Exercise materials:

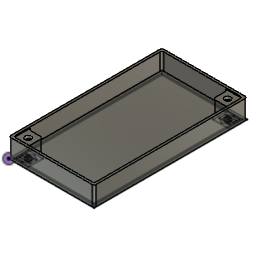
assemblage v25 (Autodesk Fusion 360 archive; units mm, degrees)
design "basBoite"
Autodesk Fusion 360 part; units mm, degrees
sketch "Sketch1" plane through (0, 0, 0) normal (0, 0, 1) x (1, 0, 0)
  line L0 (0, 0) -> (44, 0)
  line L1 (44, 0) -> (44, 79)
  line L2 (44, 79) -> (0, 79)
  line L3 (0, 79) -> (0, 0)
  line L4 (1.2, 1.2) -> (42.8, 1.2)
  line L5 (42.8, 1.2) -> (42.8, 77.8)
  line L6 (42.8, 77.8) -> (1.2, 77.8)
  line L7 (1.2, 77.8) -> (1.2, 1.2)
  line L8 (42, 2) -> (42, 77)
  line L9 (42, 77) -> (2, 77)
  line L10 (2, 77) -> (2, 2)
  line L11 (2, 2) -> (42, 2)
  line L12 (1.2, 1.2) -> (8.8, 1.2)
  line L13 (8.8, 1.2) -> (8.8, 8.8)
  line L14 (8.8, 8.8) -> (1.2, 8.8)
  line L15 (1.2, 8.8) -> (1.2, 1.2)
  line L16 (2, 2) -> (5, 2)
  line L17 (5, 2) -> (5, 5)
  line L18 (5, 5) -> (2, 5)
  line L19 (2, 5) -> (2, 2)
  circle A0 centre (5, 5) radius 1.6
  line L20 (7.75, 6.5877) -> (5, 8.1754)
  line L21 (5, 8.1754) -> (2.25, 6.5877)
  line L22 (2.25, 6.5877) -> (2.25, 3.4123)
  line L23 (2.25, 3.4123) -> (5, 1.8246)
  line L24 (5, 1.8246) -> (7.75, 3.4123)
  line L25 (7.75, 3.4123) -> (7.75, 6.5877)
  line L26 (2.25, 6.6) -> (7.75, 6.6)
  line L27 (2.25, 3.4) -> (7.75, 3.4)
  line L28 (6.6, 6.6) -> (6.6, 3.4)
  line L29 (3.4, 6.6) -> (3.4, 3.4)
  line L30 (42.8, 77.8) -> (35.2, 77.8)
  line L31 (35.2, 77.8) -> (35.2, 70.2)
  line L32 (35.2, 70.2) -> (42.8, 70.2)
  line L33 (42.8, 70.2) -> (42.8, 77.8)
  line L34 (42, 77) -> (39, 77)
  line L35 (39, 77) -> (39, 74)
  line L36 (39, 74) -> (42, 74)
  line L37 (42, 74) -> (42, 77)
  circle A1 centre (39, 74) radius 1.6
  line L38 (36.25, 72.4123) -> (39, 70.8246)
  line L39 (39, 70.8246) -> (41.75, 72.4123)
  line L40 (41.75, 72.4123) -> (41.75, 75.5877)
  line L41 (41.75, 75.5877) -> (39, 77.1754)
  line L42 (39, 77.1754) -> (36.25, 75.5877)
  line L43 (36.25, 75.5877) -> (36.25, 72.4123)
  line L44 (36.25, 75.6) -> (41.75, 75.6)
  line L45 (36.25, 72.4) -> (41.75, 72.4)
  line L46 (37.4, 75.6) -> (37.4, 72.4)
  line L47 (40.6, 75.6) -> (40.6, 72.4)
  point P0 (5, 5)
  point P1 (39, 74)
  dimension "d1" = 44
  dimension "d2" = 79
  dimension "d3" = -1.2
  dimension "d4" = -2
  dimension "d35" = 7.6
  dimension "d36" = 7.6
  dimension "d37" = 3
  dimension "d38" = 3
  dimension "d39" = 3.2
  dimension "d40" = 2.75
  dimension "d41" = 7.6
  dimension "d42" = 7.6
  dimension "d43" = 3
  dimension "d44" = 3
  dimension "d45" = 3.2
  dimension "d46" = 2.75
  constraint horizontal L0
  constraint vertical L1
  constraint horizontal L2
  constraint vertical L3
  constraint coincident L0.start L3.end
  constraint horizontal L12
  constraint vertical L13
  constraint horizontal L14
  constraint vertical L15
  constraint horizontal L16
  constraint vertical L17
  constraint horizontal L18
  constraint vertical L19
  constraint coincident P0 L17.end
  constraint coincident L22 L26.start
  constraint coincident L25 L26.end
  constraint perpendicular L25 L26
  constraint coincident L22 L27.start
  constraint coincident L25 L27.end
  constraint perpendicular L25 L27
  constraint tangent A0 L26
  constraint tangent A0 L27
  constraint coincident L26 L28.start
  constraint coincident L27 L28.end
  constraint perpendicular L27 L28
  constraint coincident L26 L29.start
  constraint coincident L27 L29.end
  constraint perpendicular L27 L29
  constraint tangent A0 L29
  constraint tangent A0 L28
  constraint horizontal L30
  constraint vertical L31
  constraint horizontal L32
  constraint vertical L33
  constraint horizontal L34
  constraint vertical L35
  constraint horizontal L36
  constraint vertical L37
  constraint coincident P1 L35.end
  constraint coincident L43 L44.start
  constraint coincident L40 L44.end
  constraint perpendicular L40 L44
  constraint coincident L43 L45.start
  constraint coincident L40 L45.end
  constraint perpendicular L40 L45
  constraint tangent A1 L44
  constraint tangent A1 L45
  constraint coincident L44 L46.start
  constraint coincident L45 L46.end
  constraint perpendicular L45 L46
  constraint coincident L44 L47.start
  constraint coincident L45 L47.end
  constraint perpendicular L45 L47
  constraint tangent A1 L46
  constraint tangent A1 L47
  constraint vertical L25
  constraint vertical L43
  measures "d1" distance of L0.start L0.end
  measures "d2" distance of L0.start L2.end
  measures "d35" distance of L4.start L12.end
  measures "d36" distance of L4.start L14.end
  measures "d37" distance of L10.end L16.end
  measures "d38" distance of L10.end L18.end
  measures "d39" diameter of A0
  measures "d40" distance of P0 L25
  measures "d41" distance of L5.end L30.end
  measures "d42" distance of L5.end L32.end
  measures "d43" distance of L8.end L34.end
  measures "d44" distance of L8.end L36.end
  measures "d45" diameter of A1
  measures "d46" distance of P1 L43
extrude "Extrude21" add sketch "Sketch1" along normal blind 1.2 contours L4 L5 L8 L11 L13 L32 | L6 L7 L9 L10 L14 L31 | L8 L9 L10 L11 L13 L14 L31 L32
extrude "Extrude22" add sketch "Sketch1" along normal blind 10
extrude "Extrude23" add sketch "Sketch1" along normal blind 9 contours L5 L6 L8 L9 L30 L31 L32 L33 L34 L37 L41 L42 | L8 L9 L31 L32 L36 L38 L39 L40 L42 L43 | L8 L9 L34 L36 L37 L40 L41 | L9 L35 L42 L44 | L36 L39 L40 L45 L47 | L36 L40 L41 L44 L47 | L9 L34 L35 L41 L44 | L38 L42 L43 L44 L45 L46 | A1 L45 L47 | A1 L44 L47 | A1 L44 L46 | A1 L45 L46 | L38 L39 L45
extrude "Extrude24" add sketch "Sketch1" along normal blind 9 contours L9 L34 L41 L42
extrude "Extrude25" cut sketch "Sketch1" along normal blind 7.8 contours A1 L45 L47 | A1 L44 L47 | A1 L44 L46 | A1 L45 L46
extrude "Extrude26" cut sketch "Sketch1" along normal blind 7.5 contours L36 L39 L40 L45 L47 | L36 L40 L41 L44 L47 | L38 L42 L43 L44 L45 L46
extrude "Extrude27" cut sketch "Sketch1" along normal blind 7.2 contours L9 L34 L41 L42 | L9 L35 L42 L44 | L9 L34 L35 L41 L44 | L38 L39 L45
extrude "Extrude28" add sketch "Sketch1" along normal blind 9 contours L4 L7 L10 L11 L12 L13 L14 L15 L16 L19 L23 L24 | L10 L11 L13 L14 L18 L20 L21 L22 L24 L25 | L11 L16 L23 L24 | L11 L17 L24 L27 | L10 L11 L16 L18 L19 L22 L23 | L11 L16 L17 L23 L27 | L20 L24 L25 L26 L27 L28 | L18 L21 L22 L26 L29 | L18 L22 L23 L27 L29 | A0 L27 L29 | A0 L27 L28 | A0 L26 L29 | A0 L26 L28 | L20 L21 L26
extrude "Extrude29" cut sketch "Sketch1" along normal blind 7.8 contours A0 L27 L29 | A0 L27 L28 | A0 L26 L29 | A0 L26 L28
extrude "Extrude30" cut sketch "Sketch1" along normal blind 7.5 contours L20 L24 L25 L26 L27 L28 | L18 L21 L22 L26 L29 | L18 L22 L23 L27 L29
extrude "Extrude31" cut sketch "Sketch1" along normal blind 7.2 contours L11 L16 L23 L24 | L11 L17 L24 L27 | L11 L16 L17 L23 L27 | L20 L21 L26
extrude "Extrude33" cut 1 faces at (0.4, 52.2667, 10) along direction (0, 0, -1) blind 0.1
fillet "Fillet6" radius 1 11 edges at (1.2, 77.8, 5.55) (35.2, 70.2, 5.1) (35.2, 77.8, 5.1) (42.8, 70.2, 5.1) (1.2, 8.8, 5.1) (8.8, 1.2, 5.1) (8.8, 8.8, 5.1) (0, 79, 4.95) (44, 0, 4.95) (44, 79, 4.95) (0, 0, 4.95)
fillet "Fillet7" radius 1 2 edges at (42.8, 1.2, 5.55) (1.2, 1.2, 9.45)
extrude "Extrude34" add 1 faces at (4.9601, 8.0652, 9) along direction (0, 0, 1) blind 0.3
extrude "Extrude35" add 1 faces at (39.0399, 70.9348, 9) along direction (0, 0, 1) blind 0.3
fillet "Fillet8" radius 1 1 edges at (42.8, 77.8, 9.6)
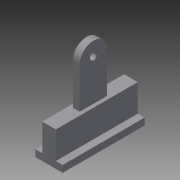
# Autodesk Inventor part: slider
Saved by Autodesk Inventor 2015 (Build 190159000, 159)
## iProperties
Created: 2015-04-09
Part Number: slider
Material: Generic
Document SubType Name: Modeling
Designer: WASHHSST
Density: 1 g/cm^3
Appearance: Default
Author: WASHHSST
Autodesk Inventor part; units mm, degrees
ref_plane "YZ Plane" through (0, 0, 0) normal (1, 0, 0) x (0, 1, 0)
ref_plane "XZ Plane" through (0, 0, 0) normal (0, 1, 0) x (-1, 0, 0)
ref_plane "XY Plane" through (0, 0, 0) normal (0, 0, 1) x (1, 0, 0)
sketch "Sketch1" plane through (0, 0, 0) normal (0, 0, 1) x (1, 0, 0)
  line L0 (0, 0) -> (25.4, 0)
  line L1 (25.4, 0) -> (25.4, 6.35)
  line L2 (25.4, 6.35) -> (19.05, 6.35)
  line L3 (19.05, 6.35) -> (19.05, 31.75)
  line L4 (19.05, 31.75) -> (6.35, 31.75)
  line L5 (6.35, 31.75) -> (6.35, 6.35)
  line L6 (6.35, 6.35) -> (0, 6.35)
  line L7 (0, 6.35) -> (0, 0)
  dimension "d0" = 12.7
  dimension "d1" = 6.35
  dimension "d2" = 6.35
  dimension "d3" = 6.35
  dimension "d4" = 25.4
  constraints: 16 end point, 6 perpendicular, 2 point on line, 1 horizontal
  measures "d0" distance between parallel lines of L3 L5
  measures "d1" distance between parallel lines of L0 L6
  measures "d2" distance from line of L6.end L5
  measures "d3" distance of L1.end L2.end
  measures "d4" distance between parallel lines of L6 L4
extrude "Extrusion1" add sketch "Sketch1" along normal blind 76.2
sketch "Sketch2" plane through (6.35, 31.75, 0) normal (0, 1, 0) x (1, 0, 0)
  line L0 (9.525, -50.8) -> (3.175, -50.8)
  line L1 (3.175, -50.8) -> (3.175, -25.4)
  line L2 (3.175, -25.4) -> (9.525, -25.4)
  line L3 (9.525, -25.4) -> (9.525, -50.8)
  line L4 (0, 0) -> (0, -76.2) projected
  line L5 (12.7, 0) -> (12.7, -76.2) projected
  line L6 (12.7, -76.2) -> (0, -76.2) projected
  line L7 (12.7, 0) -> (0, 0) projected
  point P0 (-6.35, 0)
  dimension "d7" = 12.7
  dimension "d8" = 3.175
  dimension "d9" = 3.175
  dimension "d10" = 6.35
  dimension "d11" = 76.2
  dimension "d12" = 25.4
  dimension "d13" = 25.4
  constraints: 8 end point, 2 parallel, 1 horizontal, 1 perpendicular
  measures "d7" distance between parallel lines of L4 L5
  measures "d8" distance between parallel lines of L3 L5
  measures "d9" distance between parallel lines of L4 L1
  measures "d10" distance between parallel lines of L1 L3
  measures "d11" distance between parallel lines of L6 L7
  measures "d12" distance between parallel lines of L6 L0
  measures "d13" distance between parallel lines of L0 L2
extrude "Extrusion2" add sketch "Sketch2" along normal blind 50.8 contours L0 L1 L2 L3
fillet "Fillet1" radius 12.7 2 edges at (12.7, 82.55, 50.8) (12.7, 82.55, 25.4)
hole "Hole1" at (15.875, 69.85, 38.1) direction (-1, 0, 0) diameter 6.35 end through all
body "Solid1"
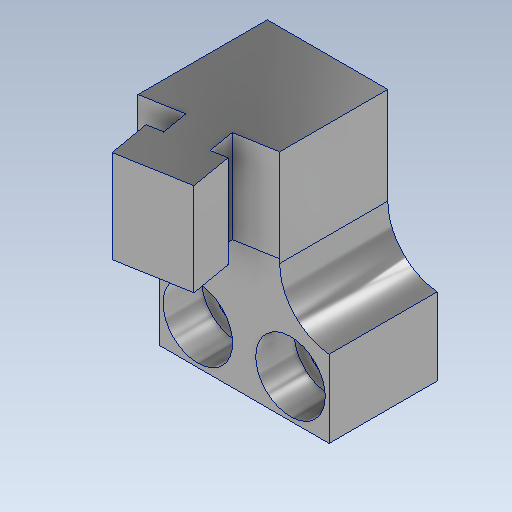
# Autodesk Inventor part: Finray_9_Kerbe_10deg_anschluss_erweitert_9_75 Nut
Saved by Autodesk Inventor 2025.2 (Build 292293000, 293)
## iProperties
Created: 2022-02-28
Part Number: Finray_9_Kerbe_10deg_anschluss_erweitert_9_75 Nut
Material: Generic
Document SubType Name: Modeling
Designer: richa
Density: 1 g/cm^3
Appearance: Aluminum - Flat
Author: richa
Autodesk Inventor part; units mm, degrees
ref_plane "YZ Plane" through (0, 0, 0) normal (1, 0, 0) x (0, 1, 0)
ref_plane "XZ Plane" through (0, 0, 0) normal (0, 1, 0) x (-1, 0, 0)
ref_plane "XY Plane" through (0, 0, 0) normal (0, 0, 1) x (1, 0, 0)
sketch "Sketch5" plane through (0, 0, 0) normal (0, 0, 1) x (1, 0, 0)
  line L0 (0, 0) -> (-15.6, 0)
  line L1 (-15.6, 0) -> (-15.6, -29.5)
  line L2 (-15.6, -29.5) -> (6.4, -29.5)
  line L3 (6.4, -29.5) -> (6.4, -19.5)
  line L4 (0, 0) -> (0, -12.526)
  line L5 (0, -12.526) -> (0, -19.5)
  line L6 (0, -19.5) -> (6.4, -19.5)
  dimension "d111" = 15.6
  dimension "d112" = 29.5
  dimension "d113" = 22
  dimension "d114" = 10
  dimension "d116" = 12.526
  constraints: 14 end point, 4 perpendicular, 2 vertical, 1 horizontal
  measures "d111" distance of L0.start L0.end
  measures "d112" distance of L0.end L1.end
  measures "d113" distance of L1.end L2.end
  measures "d114" distance of L2.end L3.end
  measures "d116" distance of L0.start L4.end
extrude "Extrusion2" add sketch "Sketch5" along normal blind 14
sketch "Skizze14" plane through (0, 0, 14) normal (0, 0, 1) x (1, 0, 0)
  line L0 (-15.6, -29.5) -> (6.4, -29.5) projected
  line L1 (-15.6, 0) -> (-15.6, -29.5) projected
  circle A0 centre (-10.6, -24.5) radius 4.5
  circle A1 centre (1.4, -24.5) radius 4.5
  circle A2 centre (-10.6, -24.5) radius 2.75
  circle A3 centre (1.4, -24.5) radius 2.75
  point P0 (0, 0)
  dimension "d117" = 5
  dimension "d118" = 5
  dimension "d119" = 12
  dimension "d120" = 5
  dimension "d121" = 9
  dimension "d122" = 9
  dimension "d123" = 5.5
  dimension "d124" = 5.5
  constraints: 4 centre point, 4 coincident
  measures "d117" distance from line of L0 point (-10.6, -24.5)
  measures "d118" distance from line of L1 point (-10.6, -24.5)
  measures "d119" distance of point (1.4, -24.5) point (-10.6, -24.5)
  measures "d120" distance from line of L0 point (1.4, -24.5)
  measures "d121" diameter of A0
  measures "d122" diameter of A1
  measures "d123" diameter of A2
  measures "d124" diameter of A3
extrude "Extrusion9" cut sketch "Skizze14" against normal blind 5 contours A0 | A1 | A2 | A3
sketch "Skizze16" plane through (0, 0, 14) normal (0, 0, 1) x (1, 0, 0)
  circle A0 centre (-10.6, -24.5) radius 2.75
  circle A1 centre (1.4, -24.5) radius 2.75
  line L0 (-15.6, 0) -> (-15.6, -29.5) projected
  line L1 (-15.6, -29.5) -> (6.4, -29.5) projected
  line L2 (6.4, -29.5) -> (6.4, -19.5) projected
  point P0 (0, 0)
  dimension "d127" = 5
  dimension "d128" = 5
  dimension "d129" = 5
  dimension "d130" = 5
  dimension "d131" = 5.5
  dimension "d132" = 5.5
  constraints: 2 centre point
  measures "d127" distance from line of L0 A0.centre
  measures "d128" distance from line of L1 A0.centre
  measures "d129" distance from line of L1 A1.centre
  measures "d130" distance from line of L2 A1.centre
  measures "d131" diameter of A0
  measures "d132" diameter of A1
extrude "Extrusion10" cut sketch "Skizze16" against normal blind 15
fillet "Rundung3" radius 7 1 edges at (0, -19.5, 7)
sketch "Skizze17" plane through (-15.6, 0, 0) normal (0, 1, 0) x (1, 0, 0)
  line L0 (0, -14) -> (22, -14) projected
  line L1 (0, -14) -> (0, -16.751)
  line L2 (0, -16.751) -> (5.264, -15.8228)
  line L3 (5.8718, -19.2696) -> (3.9022, -19.6169)
  line L4 (3.9022, -19.6169) -> (4.8399, -24.9349)
  line L5 (4.8399, -24.9349) -> (13.8508, -23.346)
  line L6 (10.3562, -14.9105) -> (15.6, -14)
  line L7 (5.264, -15.8228) -> (5.8718, -19.2696)
  line L8 (13.8508, -23.346) -> (12.9251, -18.0147)
  line L9 (12.9251, -18.0147) -> (10.9546, -18.3569)
  line L10 (10.9546, -18.3569) -> (10.3562, -14.9105)
  point P0 (15.6, 0)
  dimension "d136" = 2.751
  dimension "d137" = 80
  dimension "d141" = 3.5
  dimension "d143" = 2
  dimension "d144" = 5.4
  dimension "d145" = 9.15
  dimension "d147" = 2
  constraints: 20 end point, 2 perpendicular, 1 point on line, 1 vertical
  measures "d136" distance of L0.start L1.end
  measures "d137" angle of L2 L1
  measures "d141" distance of L2.end L3.start
  measures "d143" distance of L3.start L3.end
  measures "d144" distance of L3.end L4.end
  measures "d145" distance of L4.end L5.end
  measures "d147" distance of L8.end L9.end
extrude "Extrusion11" add sketch "Skizze17" against normal blind 12
equation "\"l1\" = 8"
body "Solid2"

Work required: Please copy, exactly and with nothing else, the lines above beginning at the line that has "point P0 (5, 5)" and ending with the line that has "constraint horizontal L18".

Exercise solution:
  point P0 (5, 5)
  point P1 (39, 74)
  dimension "d1" = 44
  dimension "d2" = 79
  dimension "d3" = -1.2
  dimension "d4" = -2
  dimension "d35" = 7.6
  dimension "d36" = 7.6
  dimension "d37" = 3
  dimension "d38" = 3
  dimension "d39" = 3.2
  dimension "d40" = 2.75
  dimension "d41" = 7.6
  dimension "d42" = 7.6
  dimension "d43" = 3
  dimension "d44" = 3
  dimension "d45" = 3.2
  dimension "d46" = 2.75
  constraint horizontal L0
  constraint vertical L1
  constraint horizontal L2
  constraint vertical L3
  constraint coincident L0.start L3.end
  constraint horizontal L12
  constraint vertical L13
  constraint horizontal L14
  constraint vertical L15
  constraint horizontal L16
  constraint vertical L17
  constraint horizontal L18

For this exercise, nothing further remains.